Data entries
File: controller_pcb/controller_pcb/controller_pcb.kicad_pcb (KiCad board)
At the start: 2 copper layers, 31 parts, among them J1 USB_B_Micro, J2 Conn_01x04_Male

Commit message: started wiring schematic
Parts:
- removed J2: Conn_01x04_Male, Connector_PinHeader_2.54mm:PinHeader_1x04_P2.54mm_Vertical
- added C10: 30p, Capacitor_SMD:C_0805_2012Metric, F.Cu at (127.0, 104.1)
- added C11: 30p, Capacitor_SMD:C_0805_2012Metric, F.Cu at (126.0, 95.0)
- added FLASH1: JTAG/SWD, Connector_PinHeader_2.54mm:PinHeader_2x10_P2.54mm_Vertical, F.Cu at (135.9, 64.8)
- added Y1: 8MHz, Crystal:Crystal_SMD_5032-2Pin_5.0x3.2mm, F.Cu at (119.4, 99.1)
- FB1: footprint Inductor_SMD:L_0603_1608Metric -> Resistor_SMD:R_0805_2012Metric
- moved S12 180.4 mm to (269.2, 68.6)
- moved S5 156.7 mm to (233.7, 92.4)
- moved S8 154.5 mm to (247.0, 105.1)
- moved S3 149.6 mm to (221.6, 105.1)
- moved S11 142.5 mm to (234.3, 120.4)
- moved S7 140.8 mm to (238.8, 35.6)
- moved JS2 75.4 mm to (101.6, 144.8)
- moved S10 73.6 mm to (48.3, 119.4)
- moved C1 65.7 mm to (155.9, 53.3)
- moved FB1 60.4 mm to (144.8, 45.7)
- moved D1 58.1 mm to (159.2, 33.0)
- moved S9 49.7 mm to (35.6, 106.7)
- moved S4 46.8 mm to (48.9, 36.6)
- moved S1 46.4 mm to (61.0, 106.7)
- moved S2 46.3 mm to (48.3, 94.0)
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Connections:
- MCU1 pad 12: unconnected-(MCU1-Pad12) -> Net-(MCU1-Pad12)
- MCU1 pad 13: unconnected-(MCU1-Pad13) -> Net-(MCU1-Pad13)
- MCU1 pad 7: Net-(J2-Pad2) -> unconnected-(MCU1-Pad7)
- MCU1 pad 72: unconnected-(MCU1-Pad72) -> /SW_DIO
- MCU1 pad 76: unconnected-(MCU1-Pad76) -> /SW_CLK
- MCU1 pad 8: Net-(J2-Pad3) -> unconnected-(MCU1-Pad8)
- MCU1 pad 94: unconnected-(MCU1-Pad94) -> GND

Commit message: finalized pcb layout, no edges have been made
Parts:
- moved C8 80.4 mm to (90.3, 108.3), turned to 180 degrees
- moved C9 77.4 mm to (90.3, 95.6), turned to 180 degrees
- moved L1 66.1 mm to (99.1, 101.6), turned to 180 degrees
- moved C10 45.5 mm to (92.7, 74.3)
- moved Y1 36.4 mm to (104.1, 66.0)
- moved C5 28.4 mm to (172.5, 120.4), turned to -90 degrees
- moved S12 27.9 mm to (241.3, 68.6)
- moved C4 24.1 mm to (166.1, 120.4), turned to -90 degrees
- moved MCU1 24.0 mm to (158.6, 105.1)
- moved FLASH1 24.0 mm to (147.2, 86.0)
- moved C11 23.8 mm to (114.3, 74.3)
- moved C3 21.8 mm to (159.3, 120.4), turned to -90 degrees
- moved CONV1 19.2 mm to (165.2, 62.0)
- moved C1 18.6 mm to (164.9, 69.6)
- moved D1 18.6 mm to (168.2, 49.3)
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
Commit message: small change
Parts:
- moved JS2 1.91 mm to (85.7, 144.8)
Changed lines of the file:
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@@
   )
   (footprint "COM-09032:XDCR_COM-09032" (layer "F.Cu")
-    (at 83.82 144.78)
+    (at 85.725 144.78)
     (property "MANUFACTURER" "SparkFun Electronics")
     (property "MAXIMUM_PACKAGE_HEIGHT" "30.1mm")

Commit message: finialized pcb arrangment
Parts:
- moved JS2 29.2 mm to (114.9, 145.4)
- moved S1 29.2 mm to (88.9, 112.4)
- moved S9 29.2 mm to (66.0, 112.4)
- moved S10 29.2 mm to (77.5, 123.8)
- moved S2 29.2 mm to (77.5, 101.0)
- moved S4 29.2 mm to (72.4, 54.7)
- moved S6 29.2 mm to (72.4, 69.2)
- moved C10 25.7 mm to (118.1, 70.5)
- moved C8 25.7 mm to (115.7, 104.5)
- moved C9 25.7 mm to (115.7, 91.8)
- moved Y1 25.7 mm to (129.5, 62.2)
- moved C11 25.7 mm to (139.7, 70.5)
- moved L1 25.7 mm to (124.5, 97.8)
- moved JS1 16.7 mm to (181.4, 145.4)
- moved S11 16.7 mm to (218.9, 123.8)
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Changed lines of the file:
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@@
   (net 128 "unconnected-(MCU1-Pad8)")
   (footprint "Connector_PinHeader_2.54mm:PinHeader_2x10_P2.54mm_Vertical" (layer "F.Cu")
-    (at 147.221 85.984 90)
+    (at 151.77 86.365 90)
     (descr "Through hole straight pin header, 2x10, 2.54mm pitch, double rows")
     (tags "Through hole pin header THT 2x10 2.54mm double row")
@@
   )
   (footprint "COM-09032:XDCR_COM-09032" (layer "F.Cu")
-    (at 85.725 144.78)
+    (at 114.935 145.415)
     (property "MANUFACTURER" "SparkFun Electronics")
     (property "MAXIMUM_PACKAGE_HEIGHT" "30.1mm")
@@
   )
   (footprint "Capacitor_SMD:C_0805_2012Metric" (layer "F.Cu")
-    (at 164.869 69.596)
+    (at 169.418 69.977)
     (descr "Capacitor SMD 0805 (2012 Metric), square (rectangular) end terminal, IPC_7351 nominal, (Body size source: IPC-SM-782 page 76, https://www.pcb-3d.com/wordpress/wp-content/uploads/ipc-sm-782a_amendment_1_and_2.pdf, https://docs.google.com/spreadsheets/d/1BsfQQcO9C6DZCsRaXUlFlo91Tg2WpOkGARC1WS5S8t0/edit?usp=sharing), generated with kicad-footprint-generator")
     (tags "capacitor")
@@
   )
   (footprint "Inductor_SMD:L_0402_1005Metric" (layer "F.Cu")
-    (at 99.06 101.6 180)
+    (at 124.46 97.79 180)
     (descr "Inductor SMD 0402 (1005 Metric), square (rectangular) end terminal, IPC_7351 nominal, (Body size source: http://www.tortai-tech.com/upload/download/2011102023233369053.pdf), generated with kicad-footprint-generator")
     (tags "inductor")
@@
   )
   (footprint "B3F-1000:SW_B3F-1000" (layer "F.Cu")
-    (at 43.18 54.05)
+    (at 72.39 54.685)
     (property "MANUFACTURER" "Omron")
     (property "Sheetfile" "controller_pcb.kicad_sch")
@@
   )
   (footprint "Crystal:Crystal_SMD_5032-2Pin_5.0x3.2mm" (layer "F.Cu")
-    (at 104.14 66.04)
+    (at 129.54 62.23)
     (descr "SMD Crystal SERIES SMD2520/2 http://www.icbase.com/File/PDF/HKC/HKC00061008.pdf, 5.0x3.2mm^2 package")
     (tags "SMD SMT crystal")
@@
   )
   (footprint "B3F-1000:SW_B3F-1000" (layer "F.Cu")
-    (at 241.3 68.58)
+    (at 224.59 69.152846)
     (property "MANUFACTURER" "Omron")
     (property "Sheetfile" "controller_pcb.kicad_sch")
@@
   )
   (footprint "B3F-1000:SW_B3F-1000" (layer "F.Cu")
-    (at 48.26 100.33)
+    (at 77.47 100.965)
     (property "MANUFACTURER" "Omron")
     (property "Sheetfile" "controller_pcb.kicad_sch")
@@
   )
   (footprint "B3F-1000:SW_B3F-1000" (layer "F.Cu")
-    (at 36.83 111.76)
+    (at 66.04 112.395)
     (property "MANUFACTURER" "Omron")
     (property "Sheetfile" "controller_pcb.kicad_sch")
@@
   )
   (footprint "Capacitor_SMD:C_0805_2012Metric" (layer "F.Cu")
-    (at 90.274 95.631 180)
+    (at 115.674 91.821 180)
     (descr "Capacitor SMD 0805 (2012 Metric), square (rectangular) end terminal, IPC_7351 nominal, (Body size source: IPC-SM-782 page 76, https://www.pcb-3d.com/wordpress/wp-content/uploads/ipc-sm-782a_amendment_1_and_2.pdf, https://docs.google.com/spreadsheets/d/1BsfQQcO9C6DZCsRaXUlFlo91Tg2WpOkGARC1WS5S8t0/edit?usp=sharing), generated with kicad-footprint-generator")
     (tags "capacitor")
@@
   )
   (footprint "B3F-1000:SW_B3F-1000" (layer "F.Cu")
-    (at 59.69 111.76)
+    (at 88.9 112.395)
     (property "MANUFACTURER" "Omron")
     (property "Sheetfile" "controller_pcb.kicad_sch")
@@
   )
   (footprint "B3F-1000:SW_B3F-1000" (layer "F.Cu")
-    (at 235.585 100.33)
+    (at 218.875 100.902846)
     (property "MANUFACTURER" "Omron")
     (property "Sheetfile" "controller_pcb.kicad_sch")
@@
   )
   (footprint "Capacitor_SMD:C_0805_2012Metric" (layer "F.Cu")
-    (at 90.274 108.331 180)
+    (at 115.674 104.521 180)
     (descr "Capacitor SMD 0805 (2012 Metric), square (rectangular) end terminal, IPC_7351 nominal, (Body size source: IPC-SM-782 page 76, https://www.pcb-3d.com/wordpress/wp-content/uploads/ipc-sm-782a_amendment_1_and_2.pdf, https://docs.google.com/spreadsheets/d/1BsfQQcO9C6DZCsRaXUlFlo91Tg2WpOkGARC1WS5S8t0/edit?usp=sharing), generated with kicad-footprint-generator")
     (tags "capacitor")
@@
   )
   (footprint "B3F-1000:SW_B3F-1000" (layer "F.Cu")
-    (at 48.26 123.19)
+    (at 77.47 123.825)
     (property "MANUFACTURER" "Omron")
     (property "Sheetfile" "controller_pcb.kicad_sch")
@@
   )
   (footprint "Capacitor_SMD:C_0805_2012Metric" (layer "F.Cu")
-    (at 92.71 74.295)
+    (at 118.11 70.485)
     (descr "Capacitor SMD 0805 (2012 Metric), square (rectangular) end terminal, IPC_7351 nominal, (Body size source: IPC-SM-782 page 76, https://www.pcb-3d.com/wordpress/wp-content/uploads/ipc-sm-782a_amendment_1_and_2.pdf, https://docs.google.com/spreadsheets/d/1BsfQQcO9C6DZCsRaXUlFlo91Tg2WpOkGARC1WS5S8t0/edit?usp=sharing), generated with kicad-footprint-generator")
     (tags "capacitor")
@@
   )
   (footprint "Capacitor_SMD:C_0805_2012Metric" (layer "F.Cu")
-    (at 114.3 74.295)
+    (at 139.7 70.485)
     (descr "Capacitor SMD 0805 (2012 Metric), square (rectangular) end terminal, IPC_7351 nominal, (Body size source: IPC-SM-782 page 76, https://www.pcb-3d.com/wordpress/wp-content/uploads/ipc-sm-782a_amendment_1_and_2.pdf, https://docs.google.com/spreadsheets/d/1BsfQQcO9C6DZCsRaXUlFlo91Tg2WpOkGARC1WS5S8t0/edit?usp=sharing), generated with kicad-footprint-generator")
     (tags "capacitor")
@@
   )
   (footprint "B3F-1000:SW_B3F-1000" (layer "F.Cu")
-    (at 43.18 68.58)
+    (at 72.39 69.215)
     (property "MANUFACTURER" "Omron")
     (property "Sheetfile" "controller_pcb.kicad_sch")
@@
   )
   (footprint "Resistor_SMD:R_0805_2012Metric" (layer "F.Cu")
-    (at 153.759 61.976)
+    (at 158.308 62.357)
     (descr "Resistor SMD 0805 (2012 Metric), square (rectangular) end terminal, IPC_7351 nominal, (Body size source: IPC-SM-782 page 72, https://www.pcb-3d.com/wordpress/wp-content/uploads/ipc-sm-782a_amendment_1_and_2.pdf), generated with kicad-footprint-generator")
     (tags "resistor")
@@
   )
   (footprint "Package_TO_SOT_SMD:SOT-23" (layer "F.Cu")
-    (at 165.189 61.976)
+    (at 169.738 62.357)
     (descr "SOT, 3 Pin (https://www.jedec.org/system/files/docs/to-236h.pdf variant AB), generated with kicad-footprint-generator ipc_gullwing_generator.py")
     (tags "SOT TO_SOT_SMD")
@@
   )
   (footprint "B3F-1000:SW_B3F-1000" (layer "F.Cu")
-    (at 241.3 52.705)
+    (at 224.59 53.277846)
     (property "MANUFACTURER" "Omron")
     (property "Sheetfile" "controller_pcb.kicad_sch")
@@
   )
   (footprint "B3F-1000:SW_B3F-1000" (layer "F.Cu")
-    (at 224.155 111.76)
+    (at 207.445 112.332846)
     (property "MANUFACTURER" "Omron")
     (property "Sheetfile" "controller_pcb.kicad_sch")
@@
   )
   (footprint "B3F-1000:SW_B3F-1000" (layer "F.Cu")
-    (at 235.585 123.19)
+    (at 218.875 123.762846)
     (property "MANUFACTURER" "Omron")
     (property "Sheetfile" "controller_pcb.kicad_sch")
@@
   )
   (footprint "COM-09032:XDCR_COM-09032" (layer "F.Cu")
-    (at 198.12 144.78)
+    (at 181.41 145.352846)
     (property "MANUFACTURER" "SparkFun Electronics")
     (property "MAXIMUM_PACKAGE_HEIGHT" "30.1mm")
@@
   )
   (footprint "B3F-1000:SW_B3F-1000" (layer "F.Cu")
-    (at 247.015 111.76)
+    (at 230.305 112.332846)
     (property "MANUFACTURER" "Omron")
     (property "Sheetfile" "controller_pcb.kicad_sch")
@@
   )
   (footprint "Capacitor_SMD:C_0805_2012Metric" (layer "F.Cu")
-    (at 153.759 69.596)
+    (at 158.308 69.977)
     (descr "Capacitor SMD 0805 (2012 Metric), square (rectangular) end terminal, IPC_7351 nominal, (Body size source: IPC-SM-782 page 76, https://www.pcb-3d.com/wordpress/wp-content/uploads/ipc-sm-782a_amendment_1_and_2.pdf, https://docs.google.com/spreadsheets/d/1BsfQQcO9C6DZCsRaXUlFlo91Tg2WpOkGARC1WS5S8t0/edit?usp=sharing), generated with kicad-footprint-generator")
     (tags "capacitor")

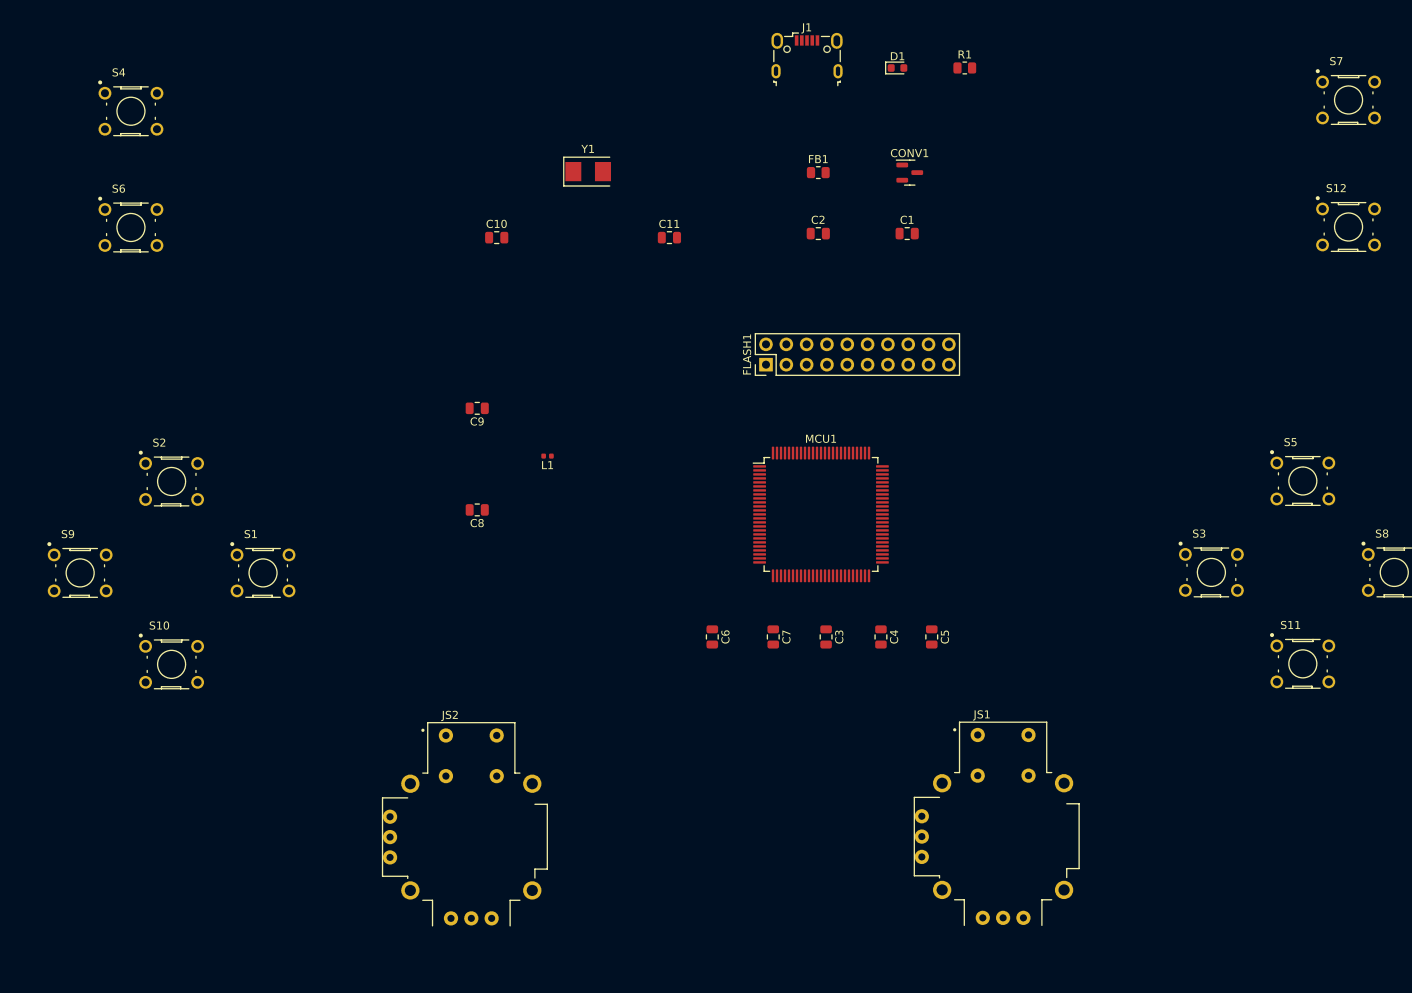
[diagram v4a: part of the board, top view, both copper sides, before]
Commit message: Added vias for GND pins
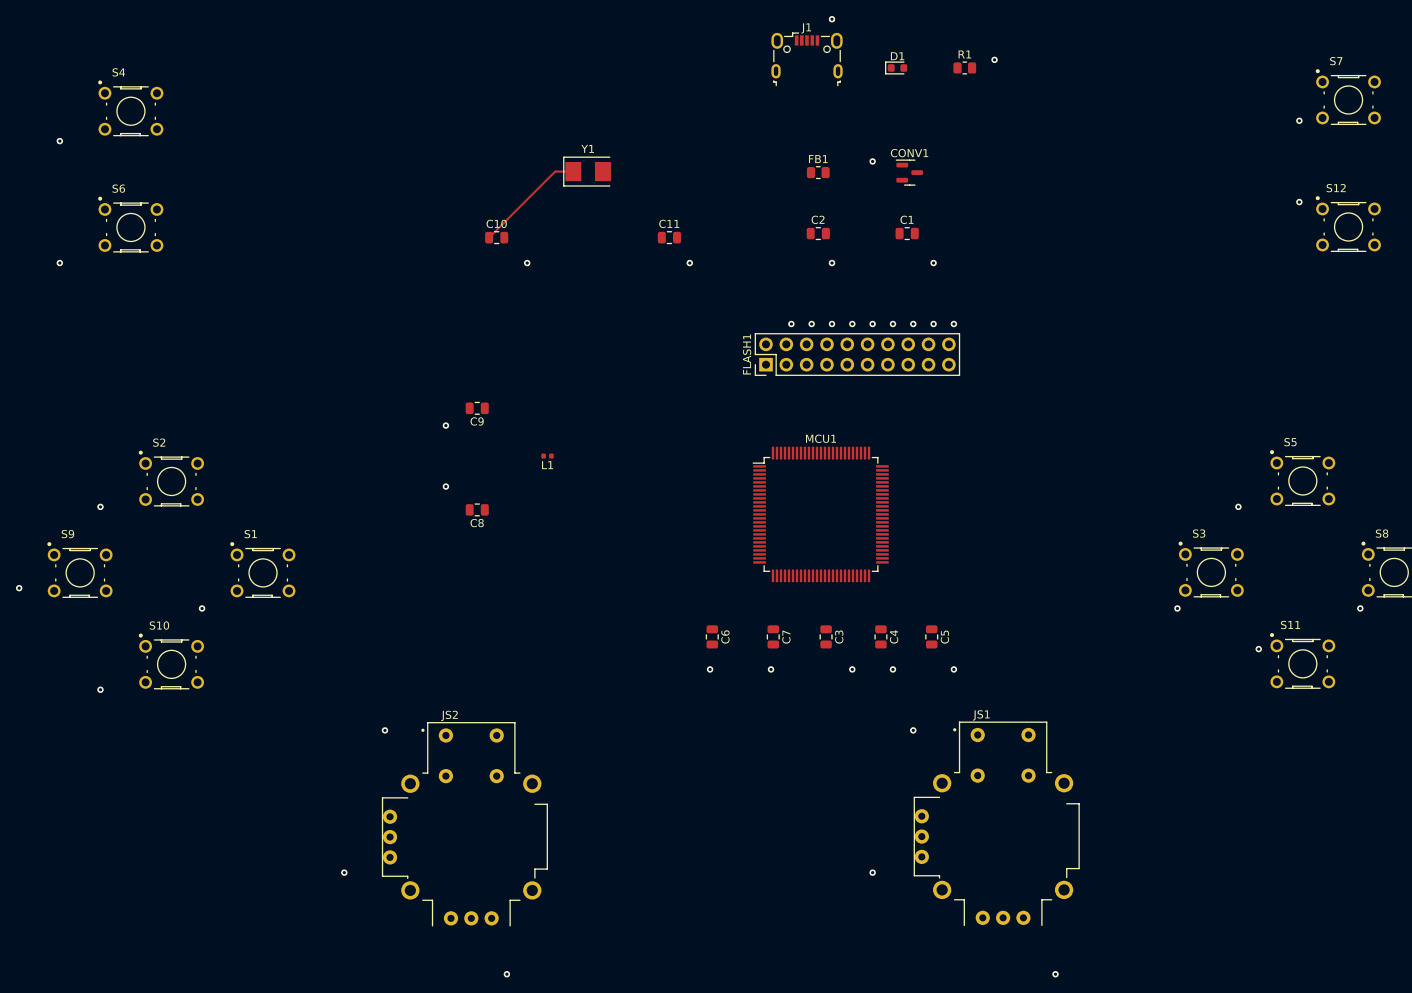
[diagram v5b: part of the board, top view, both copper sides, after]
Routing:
- net Net-(MCU1-Pad12): track 0.00 -> 13.9 mm
- net (no net): vias 0 -> 41
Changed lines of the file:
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@@
     )
   )
+  (via (at 165.1 60.96) (size 0.8) (drill 0.4) (layers "F.Cu" "B.Cu") (free) (net 0))
+  (via (at 167.64 81.28) (size 0.8) (drill 0.4) (layers "F.Cu" "B.Cu") (free) (net 0))
+  (via (at 121.92 73.66) (size 0.8) (drill 0.4) (layers "F.Cu" "B.Cu") (free) (net 0))
+  (via (at 160.02 81.28) (size 0.8) (drill 0.4) (layers "F.Cu" "B.Cu") (free) (net 0))
+  (via (at 58.42 114.3) (size 0.8) (drill 0.4) (layers "F.Cu" "B.Cu") (free) (net 0))
+  (via (at 111.76 101.6) (size 0.8) (drill 0.4) (layers "F.Cu" "B.Cu") (free) (net 0))
+  (via (at 203.2 116.84) (size 0.8) (drill 0.4) (layers "F.Cu" "B.Cu") (free) (net 0))
+  (via (at 160.02 73.66) (size 0.8) (drill 0.4) (layers "F.Cu" "B.Cu") (free) (net 0))
+  (via (at 180.34 48.26) (size 0.8) (drill 0.4) (layers "F.Cu" "B.Cu") (free) (net 0))
+  (via (at 165.1 149.86) (size 0.8) (drill 0.4) (layers "F.Cu" "B.Cu") (free) (net 0))
+  (via (at 157.48 81.28) (size 0.8) (drill 0.4) (layers "F.Cu" "B.Cu") (free) (net 0))
+  (via (at 187.96 162.56) (size 0.8) (drill 0.4) (layers "F.Cu" "B.Cu") (free) (net 0))
+  (via (at 175.26 124.46) (size 0.8) (drill 0.4) (layers "F.Cu" "B.Cu") (free) (net 0))
+  (via (at 144.78 124.46) (size 0.8) (drill 0.4) (layers "F.Cu" "B.Cu") (free) (net 0))
+  (via (at 172.72 73.66) (size 0.8) (drill 0.4) (layers "F.Cu" "B.Cu") (free) (net 0))
+  (via (at 63.5 73.66) (size 0.8) (drill 0.4) (layers "F.Cu" "B.Cu") (free) (net 0))
+  (via (at 162.56 124.46) (size 0.8) (drill 0.4) (layers "F.Cu" "B.Cu") (free) (net 0))
+  (via (at 218.44 66.04) (size 0.8) (drill 0.4) (layers "F.Cu" "B.Cu") (free) (net 0))
+  (via (at 104.14 132.08) (size 0.8) (drill 0.4) (layers "F.Cu" "B.Cu") (free) (net 0))
+  (via (at 175.26 81.28) (size 0.8) (drill 0.4) (layers "F.Cu" "B.Cu") (free) (net 0))
+  (via (at 68.58 104.14) (size 0.8) (drill 0.4) (layers "F.Cu" "B.Cu") (free) (net 0))
+  (via (at 142.24 73.66) (size 0.8) (drill 0.4) (layers "F.Cu" "B.Cu") (free) (net 0))
+  (via (at 99.06 149.86) (size 0.8) (drill 0.4) (layers "F.Cu" "B.Cu") (free) (net 0))
+  (via (at 111.76 93.98) (size 0.8) (drill 0.4) (layers "F.Cu" "B.Cu") (free) (net 0))
+  (via (at 210.82 104.14) (size 0.8) (drill 0.4) (layers "F.Cu" "B.Cu") (free) (net 0))
+  (via (at 81.28 116.84) (size 0.8) (drill 0.4) (layers "F.Cu" "B.Cu") (free) (net 0))
+  (via (at 167.64 124.46) (size 0.8) (drill 0.4) (layers "F.Cu" "B.Cu") (free) (net 0))
+  (via (at 160.02 43.18) (size 0.8) (drill 0.4) (layers "F.Cu" "B.Cu") (free) (net 0))
+  (via (at 154.94 81.28) (size 0.8) (drill 0.4) (layers "F.Cu" "B.Cu") (free) (net 0))
+  (via (at 162.56 81.28) (size 0.8) (drill 0.4) (layers "F.Cu" "B.Cu") (free) (net 0))
+  (via (at 218.44 55.88) (size 0.8) (drill 0.4) (layers "F.Cu" "B.Cu") (free) (net 0))
+  (via (at 170.18 132.08) (size 0.8) (drill 0.4) (layers "F.Cu" "B.Cu") (free) (net 0))
+  (via (at 152.4 124.46) (size 0.8) (drill 0.4) (layers "F.Cu" "B.Cu") (free) (net 0))
+  (via (at 213.36 121.92) (size 0.8) (drill 0.4) (layers "F.Cu" "B.Cu") (free) (net 0))
+  (via (at 119.38 162.56) (size 0.8) (drill 0.4) (layers "F.Cu" "B.Cu") (free) (net 0))
+  (via (at 226.06 116.84) (size 0.8) (drill 0.4) (layers "F.Cu" "B.Cu") (free) (net 0))
+  (via (at 172.72 81.28) (size 0.8) (drill 0.4) (layers "F.Cu" "B.Cu") (free) (net 0))
+  (via (at 165.1 81.28) (size 0.8) (drill 0.4) (layers "F.Cu" "B.Cu") (free) (net 0))
+  (via (at 63.5 58.42) (size 0.8) (drill 0.4) (layers "F.Cu" "B.Cu") (free) (net 0))
+  (via (at 68.58 127) (size 0.8) (drill 0.4) (layers "F.Cu" "B.Cu") (free) (net 0))
+  (via (at 170.18 81.28) (size 0.8) (drill 0.4) (layers "F.Cu" "B.Cu") (free) (net 0))
+  (segment (start 125.415 62.23) (end 117.16 70.485) (width 0.25) (layer "F.Cu") (net 11))
+  (segment (start 127.69 62.23) (end 125.415 62.23) (width 0.25) (layer "F.Cu") (net 11))
 )

◆ **DIRECTIONS FOR THIS TASK**
Read through the entries above and copy each line that has the string "both" in it.

◆ **EXERCISE ANSWER**
[diagram v4a: part of the board, top view, both copper sides, before]
[diagram v5b: part of the board, top view, both copper sides, after]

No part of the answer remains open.